Don’t confuse Enterprise 2.0 with social computing concepts
Earlier this week, a post by Thomas Vanderwal on Microsoft SharePoint 2007 caught fire on Twitter and a few blogs. What started as a spirited discussion on whether Sharepoint is a respectable Enterprise 2.0 offering or not, quickly turned into a debate on Enterprise 2.0 definitions. Mike Gotta masterfully jumped in front of the parade and steered it hard right, questioning whether Enterprise 2.0 is even a category or a rather, a philosophy around the use of social computing within existing business processes. With due respect to Forrester, I’m convinced it’s the latter.
In preparation for a meeting with an old client next week about social computing and the opportunities it presents for lead generation and sales operations, this discussion could not have been more timely for me. Here’s how I see it:
These are social computing concepts. Not Enterprise 2.0.
Enterprise 2.0 is a state that Enterprises achieve by employing an appropriate set of social computing concepts.
The promise of transforming to a next generation enterprise (2.0) involves enhancing or even ripping apart traditional processes by leveraging social concepts, to accelerate performance. Organizations do that by starting simple and applying social computing concepts carefully on a process by process basis. As basic as this message is, it’s clear that it bears repeating given the lengths Mike had to go to, to make his point.
To me, the unsung heroes of Enterprise 2.0 are the vertical offerings providers that eat/drink/sleep solutions to specific business problems, everyday. These solution providers get plenty of coverage but surprisingly, almost zero credit for the role they play in transforming their customers into Enterprise 2.0 structures. This is hardly exhaustive but here are some examples:
Lead Management: InsideView helps sales reps qualify and accelerate the sales cycle by folding in relevant structured social data from LinkedIn and Facebook, based on leads in Salesforce. The service helps you call the right lead at the right time and accelerate the sales cycle. That’s it.
Viral Marketing: Appirio‘s referral management solution helps you find leads by connecting campaigns entered in Salesforce to connections on your organizations Facebook fan pages and with employees friends and contacts. Appirio brings more qualified leads using Facebook user profile data to campaigns.
Product Development: UserVoice, and Salesforce Ideas remove risk from product development processes and drive innovation by enabling you to ‘crowd source’ features and product designs before you spend gazillions designing and developing solutions. One objective – innovate via social leverage.

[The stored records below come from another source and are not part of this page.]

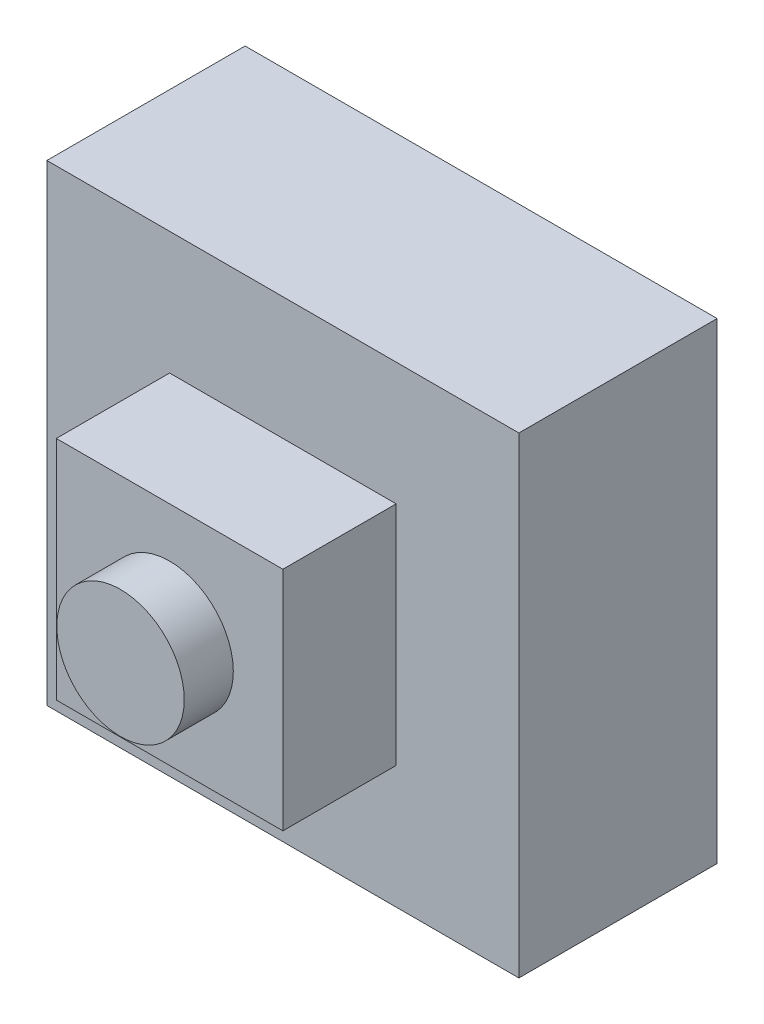
ISO-10303-21;
HEADER;
FILE_DESCRIPTION(('STEP AP214'),'2;1');
FILE_NAME('part.step','',(''),(''),'','','');
FILE_SCHEMA(('AUTOMOTIVE_DESIGN { 1 0 10303 214 1 1 1 1 }'));
ENDSEC;
DATA;
#1=APPLICATION_CONTEXT('core data for automotive mechanical design processes');
#2=APPLICATION_PROTOCOL_DEFINITION('international standard','automotive_design',2000,#1);
#3=PRODUCT_CONTEXT('',#1,'mechanical');
#4=PRODUCT('Part','Part','',(#3));
#5=PRODUCT_RELATED_PRODUCT_CATEGORY('part','',(#4));
#6=PRODUCT_DEFINITION_FORMATION('','',#4);
#7=PRODUCT_DEFINITION_CONTEXT('part definition',#1,'design');
#8=PRODUCT_DEFINITION('design','',#6,#7);
#9=PRODUCT_DEFINITION_SHAPE('','',#8);
#10=(LENGTH_UNIT() NAMED_UNIT(*) SI_UNIT(.MILLI.,.METRE.));
#11=(NAMED_UNIT(*) PLANE_ANGLE_UNIT() SI_UNIT($,.RADIAN.));
#12=(NAMED_UNIT(*) SI_UNIT($,.STERADIAN.) SOLID_ANGLE_UNIT());
#13=UNCERTAINTY_MEASURE_WITH_UNIT(LENGTH_MEASURE(1.E-05),#10,'distance_accuracy_value','');
#14=(GEOMETRIC_REPRESENTATION_CONTEXT(3) GLOBAL_UNCERTAINTY_ASSIGNED_CONTEXT((#13)) GLOBAL_UNIT_ASSIGNED_CONTEXT((#10,
#11,#12)) REPRESENTATION_CONTEXT('',''));
#15=CARTESIAN_POINT('',(0.,0.,0.));
#16=DIRECTION('',(0.,0.,1.));
#17=DIRECTION('',(1.,0.,0.));
#18=AXIS2_PLACEMENT_3D('',#15,#16,#17);
#19=CARTESIAN_POINT('',(3.048,-3.048,5.715));
#20=DIRECTION('',(-1.,0.,0.));
#21=DIRECTION('',(0.,0.,1.));
#22=AXIS2_PLACEMENT_3D('',#19,#20,#21);
#23=PLANE('',#22);
#24=DIRECTION('',(0.,-1.,0.));
#25=VECTOR('',#24,1.);
#26=CARTESIAN_POINT('',(3.048,-3.048,2.667));
#27=LINE('',#26,#25);
#28=CARTESIAN_POINT('',(3.048,3.048,2.667));
#29=VERTEX_POINT('',#28);
#30=CARTESIAN_POINT('',(3.048,-3.048,2.667));
#31=VERTEX_POINT('',#30);
#32=EDGE_CURVE('E53',#29,#31,#27,.T.);
#33=ORIENTED_EDGE('',*,*,#32,.F.);
#34=DIRECTION('',(0.,0.,-1.));
#35=VECTOR('',#34,1.);
#36=CARTESIAN_POINT('',(3.048,3.048,5.715));
#37=LINE('',#36,#35);
#38=CARTESIAN_POINT('',(3.048,3.048,5.715));
#39=VERTEX_POINT('',#38);
#40=EDGE_CURVE('E188',#39,#29,#37,.T.);
#41=ORIENTED_EDGE('',*,*,#40,.F.);
#42=DIRECTION('',(0.,1.,0.));
#43=VECTOR('',#42,1.);
#44=CARTESIAN_POINT('',(3.048,-3.048,5.715));
#45=LINE('',#44,#43);
#46=CARTESIAN_POINT('',(3.048,-3.048,5.715));
#47=VERTEX_POINT('',#46);
#48=EDGE_CURVE('E189',#47,#39,#45,.T.);
#49=ORIENTED_EDGE('',*,*,#48,.F.);
#50=DIRECTION('',(0.,0.,-1.));
#51=VECTOR('',#50,1.);
#52=CARTESIAN_POINT('',(3.048,-3.048,5.715));
#53=LINE('',#52,#51);
#54=EDGE_CURVE('E210',#47,#31,#53,.T.);
#55=ORIENTED_EDGE('',*,*,#54,.T.);
#56=EDGE_LOOP('',(#33,#41,#49,#55));
#57=FACE_BOUND('',#56,.T.);
#58=ADVANCED_FACE('F38',(#57),#23,.F.);
#59=CARTESIAN_POINT('',(-3.048,3.048,5.715));
#60=DIRECTION('',(0.,-1.,0.));
#61=DIRECTION('',(0.,0.,-1.));
#62=AXIS2_PLACEMENT_3D('',#59,#60,#61);
#63=PLANE('',#62);
#64=DIRECTION('',(1.,0.,0.));
#65=VECTOR('',#64,1.);
#66=CARTESIAN_POINT('',(-3.048,3.048,2.667));
#67=LINE('',#66,#65);
#68=CARTESIAN_POINT('',(-3.048,3.048,2.667));
#69=VERTEX_POINT('',#68);
#70=EDGE_CURVE('E60',#69,#29,#67,.T.);
#71=ORIENTED_EDGE('',*,*,#70,.F.);
#72=DIRECTION('',(0.,0.,-1.));
#73=VECTOR('',#72,1.);
#74=CARTESIAN_POINT('',(-3.048,3.048,5.715));
#75=LINE('',#74,#73);
#76=CARTESIAN_POINT('',(-3.048,3.048,5.715));
#77=VERTEX_POINT('',#76);
#78=EDGE_CURVE('E216',#77,#69,#75,.T.);
#79=ORIENTED_EDGE('',*,*,#78,.F.);
#80=DIRECTION('',(-1.,0.,0.));
#81=VECTOR('',#80,1.);
#82=CARTESIAN_POINT('',(-3.048,3.048,5.715));
#83=LINE('',#82,#81);
#84=EDGE_CURVE('E192',#39,#77,#83,.T.);
#85=ORIENTED_EDGE('',*,*,#84,.F.);
#86=ORIENTED_EDGE('',*,*,#40,.T.);
#87=EDGE_LOOP('',(#71,#79,#85,#86));
#88=FACE_BOUND('',#87,.T.);
#89=ADVANCED_FACE('F240',(#88),#63,.F.);
#90=CARTESIAN_POINT('',(-3.048,-3.048,5.715));
#91=DIRECTION('',(1.,0.,0.));
#92=DIRECTION('',(0.,0.,-1.));
#93=AXIS2_PLACEMENT_3D('',#90,#91,#92);
#94=PLANE('',#93);
#95=DIRECTION('',(0.,1.,0.));
#96=VECTOR('',#95,1.);
#97=CARTESIAN_POINT('',(-3.048,-3.048,2.667));
#98=LINE('',#97,#96);
#99=CARTESIAN_POINT('',(-3.048,-3.048,2.667));
#100=VERTEX_POINT('',#99);
#101=EDGE_CURVE('E170',#100,#69,#98,.T.);
#102=ORIENTED_EDGE('',*,*,#101,.F.);
#103=DIRECTION('',(0.,0.,-1.));
#104=VECTOR('',#103,1.);
#105=CARTESIAN_POINT('',(-3.048,-3.048,5.715));
#106=LINE('',#105,#104);
#107=CARTESIAN_POINT('',(-3.048,-3.048,5.715));
#108=VERTEX_POINT('',#107);
#109=EDGE_CURVE('E213',#108,#100,#106,.T.);
#110=ORIENTED_EDGE('',*,*,#109,.F.);
#111=DIRECTION('',(0.,-1.,0.));
#112=VECTOR('',#111,1.);
#113=CARTESIAN_POINT('',(-3.048,-3.048,5.715));
#114=LINE('',#113,#112);
#115=EDGE_CURVE('E195',#77,#108,#114,.T.);
#116=ORIENTED_EDGE('',*,*,#115,.F.);
#117=ORIENTED_EDGE('',*,*,#78,.T.);
#118=EDGE_LOOP('',(#102,#110,#116,#117));
#119=FACE_BOUND('',#118,.T.);
#120=ADVANCED_FACE('F246',(#119),#94,.F.);
#121=CARTESIAN_POINT('',(-3.048,-3.048,5.715));
#122=DIRECTION('',(0.,1.,0.));
#123=DIRECTION('',(0.,0.,1.));
#124=AXIS2_PLACEMENT_3D('',#121,#122,#123);
#125=PLANE('',#124);
#126=DIRECTION('',(-1.,0.,0.));
#127=VECTOR('',#126,1.);
#128=CARTESIAN_POINT('',(-3.048,-3.048,2.667));
#129=LINE('',#128,#127);
#130=EDGE_CURVE('E11',#31,#100,#129,.T.);
#131=ORIENTED_EDGE('',*,*,#130,.F.);
#132=ORIENTED_EDGE('',*,*,#54,.F.);
#133=DIRECTION('',(1.,0.,0.));
#134=VECTOR('',#133,1.);
#135=CARTESIAN_POINT('',(-3.048,-3.048,5.715));
#136=LINE('',#135,#134);
#137=EDGE_CURVE('E197',#108,#47,#136,.T.);
#138=ORIENTED_EDGE('',*,*,#137,.F.);
#139=ORIENTED_EDGE('',*,*,#109,.T.);
#140=EDGE_LOOP('',(#131,#132,#138,#139));
#141=FACE_BOUND('',#140,.T.);
#142=ADVANCED_FACE('F268',(#141),#125,.F.);
#143=CARTESIAN_POINT('',(0.,0.,5.715));
#144=DIRECTION('',(0.,0.,-1.));
#145=DIRECTION('',(-1.,0.,0.));
#146=AXIS2_PLACEMENT_3D('',#143,#144,#145);
#147=PLANE('',#146);
#148=CARTESIAN_POINT('',(0.,0.,5.715));
#149=DIRECTION('',(0.,0.,1.));
#150=DIRECTION('',(1.,0.,0.));
#151=AXIS2_PLACEMENT_3D('',#148,#149,#150);
#152=CIRCLE('',#151,1.7145);
#153=CARTESIAN_POINT('',(1.7145,0.,5.715));
#154=VERTEX_POINT('',#153);
#155=EDGE_CURVE('E185',#154,#154,#152,.T.);
#156=ORIENTED_EDGE('',*,*,#155,.F.);
#157=EDGE_LOOP('',(#156));
#158=FACE_BOUND('',#157,.T.);
#159=ORIENTED_EDGE('',*,*,#48,.T.);
#160=ORIENTED_EDGE('',*,*,#84,.T.);
#161=ORIENTED_EDGE('',*,*,#115,.T.);
#162=ORIENTED_EDGE('',*,*,#137,.T.);
#163=EDGE_LOOP('',(#159,#160,#161,#162));
#164=FACE_BOUND('',#163,.T.);
#165=ADVANCED_FACE('F275',(#158,#164),#147,.F.);
#166=CARTESIAN_POINT('',(0.,0.,7.0358));
#167=DIRECTION('',(0.,0.,-1.));
#168=DIRECTION('',(-1.,0.,0.));
#169=AXIS2_PLACEMENT_3D('',#166,#167,#168);
#170=CYLINDRICAL_SURFACE('',#169,1.7145);
#171=CARTESIAN_POINT('',(0.,0.,7.0358));
#172=DIRECTION('',(0.,0.,1.));
#173=DIRECTION('',(1.,0.,0.));
#174=AXIS2_PLACEMENT_3D('',#171,#172,#173);
#175=CIRCLE('',#174,1.7145);
#176=CARTESIAN_POINT('',(1.7145,0.,7.0358));
#177=VERTEX_POINT('',#176);
#178=EDGE_CURVE('E179',#177,#177,#175,.T.);
#179=ORIENTED_EDGE('',*,*,#178,.F.);
#180=EDGE_LOOP('',(#179));
#181=FACE_BOUND('',#180,.T.);
#182=ORIENTED_EDGE('',*,*,#155,.T.);
#183=EDGE_LOOP('',(#182));
#184=FACE_BOUND('',#183,.T.);
#185=ADVANCED_FACE('F362',(#181,#184),#170,.T.);
#186=CARTESIAN_POINT('',(0.,0.,7.0358));
#187=DIRECTION('',(0.,0.,1.));
#188=DIRECTION('',(1.,0.,0.));
#189=AXIS2_PLACEMENT_3D('',#186,#187,#188);
#190=PLANE('',#189);
#191=ORIENTED_EDGE('',*,*,#178,.T.);
#192=EDGE_LOOP('',(#191));
#193=FACE_BOUND('',#192,.T.);
#194=ADVANCED_FACE('F284',(#193),#190,.T.);
#195=CARTESIAN_POINT('',(0.,0.,2.667));
#196=DIRECTION('',(0.,0.,-1.));
#197=DIRECTION('',(-1.,0.,0.));
#198=AXIS2_PLACEMENT_3D('',#195,#196,#197);
#199=PLANE('',#198);
#200=DIRECTION('',(0.,1.,0.));
#201=VECTOR('',#200,1.);
#202=CARTESIAN_POINT('',(6.35,-6.35,2.667));
#203=LINE('',#202,#201);
#204=CARTESIAN_POINT('',(6.35,-6.35,2.667));
#205=VERTEX_POINT('',#204);
#206=CARTESIAN_POINT('',(6.35,6.35,2.667));
#207=VERTEX_POINT('',#206);
#208=EDGE_CURVE('E141',#205,#207,#203,.T.);
#209=ORIENTED_EDGE('',*,*,#208,.T.);
#210=DIRECTION('',(-1.,0.,0.));
#211=VECTOR('',#210,1.);
#212=CARTESIAN_POINT('',(-6.35,6.35,2.667));
#213=LINE('',#212,#211);
#214=CARTESIAN_POINT('',(-6.35,6.35,2.667));
#215=VERTEX_POINT('',#214);
#216=EDGE_CURVE('E130',#207,#215,#213,.T.);
#217=ORIENTED_EDGE('',*,*,#216,.T.);
#218=DIRECTION('',(0.,-1.,0.));
#219=VECTOR('',#218,1.);
#220=CARTESIAN_POINT('',(-6.35,-6.35,2.667));
#221=LINE('',#220,#219);
#222=CARTESIAN_POINT('',(-6.35,-6.35,2.667));
#223=VERTEX_POINT('',#222);
#224=EDGE_CURVE('E140',#215,#223,#221,.T.);
#225=ORIENTED_EDGE('',*,*,#224,.T.);
#226=DIRECTION('',(1.,0.,0.));
#227=VECTOR('',#226,1.);
#228=CARTESIAN_POINT('',(-6.35,-6.35,2.667));
#229=LINE('',#228,#227);
#230=EDGE_CURVE('E147',#223,#205,#229,.T.);
#231=ORIENTED_EDGE('',*,*,#230,.T.);
#232=EDGE_LOOP('',(#209,#217,#225,#231));
#233=FACE_BOUND('',#232,.T.);
#234=ORIENTED_EDGE('',*,*,#70,.T.);
#235=ORIENTED_EDGE('',*,*,#32,.T.);
#236=ORIENTED_EDGE('',*,*,#130,.T.);
#237=ORIENTED_EDGE('',*,*,#101,.T.);
#238=EDGE_LOOP('',(#234,#235,#236,#237));
#239=FACE_BOUND('',#238,.T.);
#240=ADVANCED_FACE('F144',(#233,#239),#199,.F.);
#241=CARTESIAN_POINT('',(0.,0.,-2.667));
#242=DIRECTION('',(0.,0.,-1.));
#243=DIRECTION('',(-1.,0.,0.));
#244=AXIS2_PLACEMENT_3D('',#241,#242,#243);
#245=PLANE('',#244);
#246=DIRECTION('',(0.,1.,0.));
#247=VECTOR('',#246,1.);
#248=CARTESIAN_POINT('',(6.35,-6.35,-2.667));
#249=LINE('',#248,#247);
#250=CARTESIAN_POINT('',(6.35,-6.35,-2.667));
#251=VERTEX_POINT('',#250);
#252=CARTESIAN_POINT('',(6.35,6.35,-2.667));
#253=VERTEX_POINT('',#252);
#254=EDGE_CURVE('E155',#251,#253,#249,.T.);
#255=ORIENTED_EDGE('',*,*,#254,.F.);
#256=DIRECTION('',(1.,0.,0.));
#257=VECTOR('',#256,1.);
#258=CARTESIAN_POINT('',(-6.35,-6.35,-2.667));
#259=LINE('',#258,#257);
#260=CARTESIAN_POINT('',(-6.35,-6.35,-2.667));
#261=VERTEX_POINT('',#260);
#262=EDGE_CURVE('E151',#261,#251,#259,.T.);
#263=ORIENTED_EDGE('',*,*,#262,.F.);
#264=DIRECTION('',(0.,-1.,0.));
#265=VECTOR('',#264,1.);
#266=CARTESIAN_POINT('',(-6.35,-6.35,-2.667));
#267=LINE('',#266,#265);
#268=CARTESIAN_POINT('',(-6.35,6.35,-2.667));
#269=VERTEX_POINT('',#268);
#270=EDGE_CURVE('E432',#269,#261,#267,.T.);
#271=ORIENTED_EDGE('',*,*,#270,.F.);
#272=DIRECTION('',(-1.,0.,0.));
#273=VECTOR('',#272,1.);
#274=CARTESIAN_POINT('',(-6.35,6.35,-2.667));
#275=LINE('',#274,#273);
#276=EDGE_CURVE('E435',#253,#269,#275,.T.);
#277=ORIENTED_EDGE('',*,*,#276,.F.);
#278=EDGE_LOOP('',(#255,#263,#271,#277));
#279=FACE_BOUND('',#278,.T.);
#280=DIRECTION('',(0.,-1.,0.));
#281=VECTOR('',#280,1.);
#282=CARTESIAN_POINT('',(3.048,-3.048,-2.667));
#283=LINE('',#282,#281);
#284=CARTESIAN_POINT('',(3.048,3.048,-2.667));
#285=VERTEX_POINT('',#284);
#286=CARTESIAN_POINT('',(3.048,-3.048,-2.667));
#287=VERTEX_POINT('',#286);
#288=EDGE_CURVE('E167',#285,#287,#283,.T.);
#289=ORIENTED_EDGE('',*,*,#288,.F.);
#290=DIRECTION('',(1.,0.,0.));
#291=VECTOR('',#290,1.);
#292=CARTESIAN_POINT('',(-3.048,3.048,-2.667));
#293=LINE('',#292,#291);
#294=CARTESIAN_POINT('',(-3.048,3.048,-2.667));
#295=VERTEX_POINT('',#294);
#296=EDGE_CURVE('E159',#295,#285,#293,.T.);
#297=ORIENTED_EDGE('',*,*,#296,.F.);
#298=DIRECTION('',(0.,1.,0.));
#299=VECTOR('',#298,1.);
#300=CARTESIAN_POINT('',(-3.048,-3.048,-2.667));
#301=LINE('',#300,#299);
#302=CARTESIAN_POINT('',(-3.048,-3.048,-2.667));
#303=VERTEX_POINT('',#302);
#304=EDGE_CURVE('E156',#303,#295,#301,.T.);
#305=ORIENTED_EDGE('',*,*,#304,.F.);
#306=DIRECTION('',(-1.,0.,0.));
#307=VECTOR('',#306,1.);
#308=CARTESIAN_POINT('',(-3.048,-3.048,-2.667));
#309=LINE('',#308,#307);
#310=EDGE_CURVE('E46',#287,#303,#309,.T.);
#311=ORIENTED_EDGE('',*,*,#310,.F.);
#312=EDGE_LOOP('',(#289,#297,#305,#311));
#313=FACE_BOUND('',#312,.T.);
#314=ADVANCED_FACE('F236',(#279,#313),#245,.T.);
#315=CARTESIAN_POINT('',(6.35,-6.35,2.667));
#316=DIRECTION('',(-1.,0.,0.));
#317=DIRECTION('',(0.,0.,1.));
#318=AXIS2_PLACEMENT_3D('',#315,#316,#317);
#319=PLANE('',#318);
#320=ORIENTED_EDGE('',*,*,#254,.T.);
#321=DIRECTION('',(0.,0.,-1.));
#322=VECTOR('',#321,1.);
#323=CARTESIAN_POINT('',(6.35,6.35,2.667));
#324=LINE('',#323,#322);
#325=EDGE_CURVE('E134',#207,#253,#324,.T.);
#326=ORIENTED_EDGE('',*,*,#325,.F.);
#327=ORIENTED_EDGE('',*,*,#208,.F.);
#328=DIRECTION('',(0.,0.,-1.));
#329=VECTOR('',#328,1.);
#330=CARTESIAN_POINT('',(6.35,-6.35,2.667));
#331=LINE('',#330,#329);
#332=EDGE_CURVE('E429',#205,#251,#331,.T.);
#333=ORIENTED_EDGE('',*,*,#332,.T.);
#334=EDGE_LOOP('',(#320,#326,#327,#333));
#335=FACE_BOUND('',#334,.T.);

Customer Service: GetSatisfaction improves the quality of customer service and cuts costs by letting users help each other.
Brand Management: Radian6 and Visible Technologies keep brand marketers informed about market sentiment regarding their products and organization.
I could go on and on.
It would be unfair to imply that so called Enterprise 2.0 vendors are doing nothing in this area. For instance, Telligent, Jive Software, Lithum and others have customer facing offerings designed to help enterprises generate brand awareness, engage with prospects and customers and surface important analytical data. Newsgator offers social widgets help distribute and monetize content for media companies.
Does that mean horizontal platform solutions, especially those that are behind the firewall are a lost cause? Absolutely not. There’s ‘massive’ opportunity for these solutions to rally around specific business processes and design versions of their products to accelerate and transform specific internal tasks. There’s billions locked up in Supply Chain, Product Development, Retail/POS etc., that represent a mammoth opportunity for social computing technologies. Emulating the portal business of the 90s and sticking to a horizontal solution would be tragic, in my opnion.
The truth is that IBM, Oracle, SAP, et al dominate systems that enable business activity. That said, in my opinion, social computing concepts represent the first opportunity in two decades to successfully move the nucleus of business process management from structured, data centric ERP systems, over to people centric platforms that break silos and artificial firewalls in the enterprise. That entails strategically unleashing social computing on each of these processes and owning the environment where significant improvements in business performance are realized.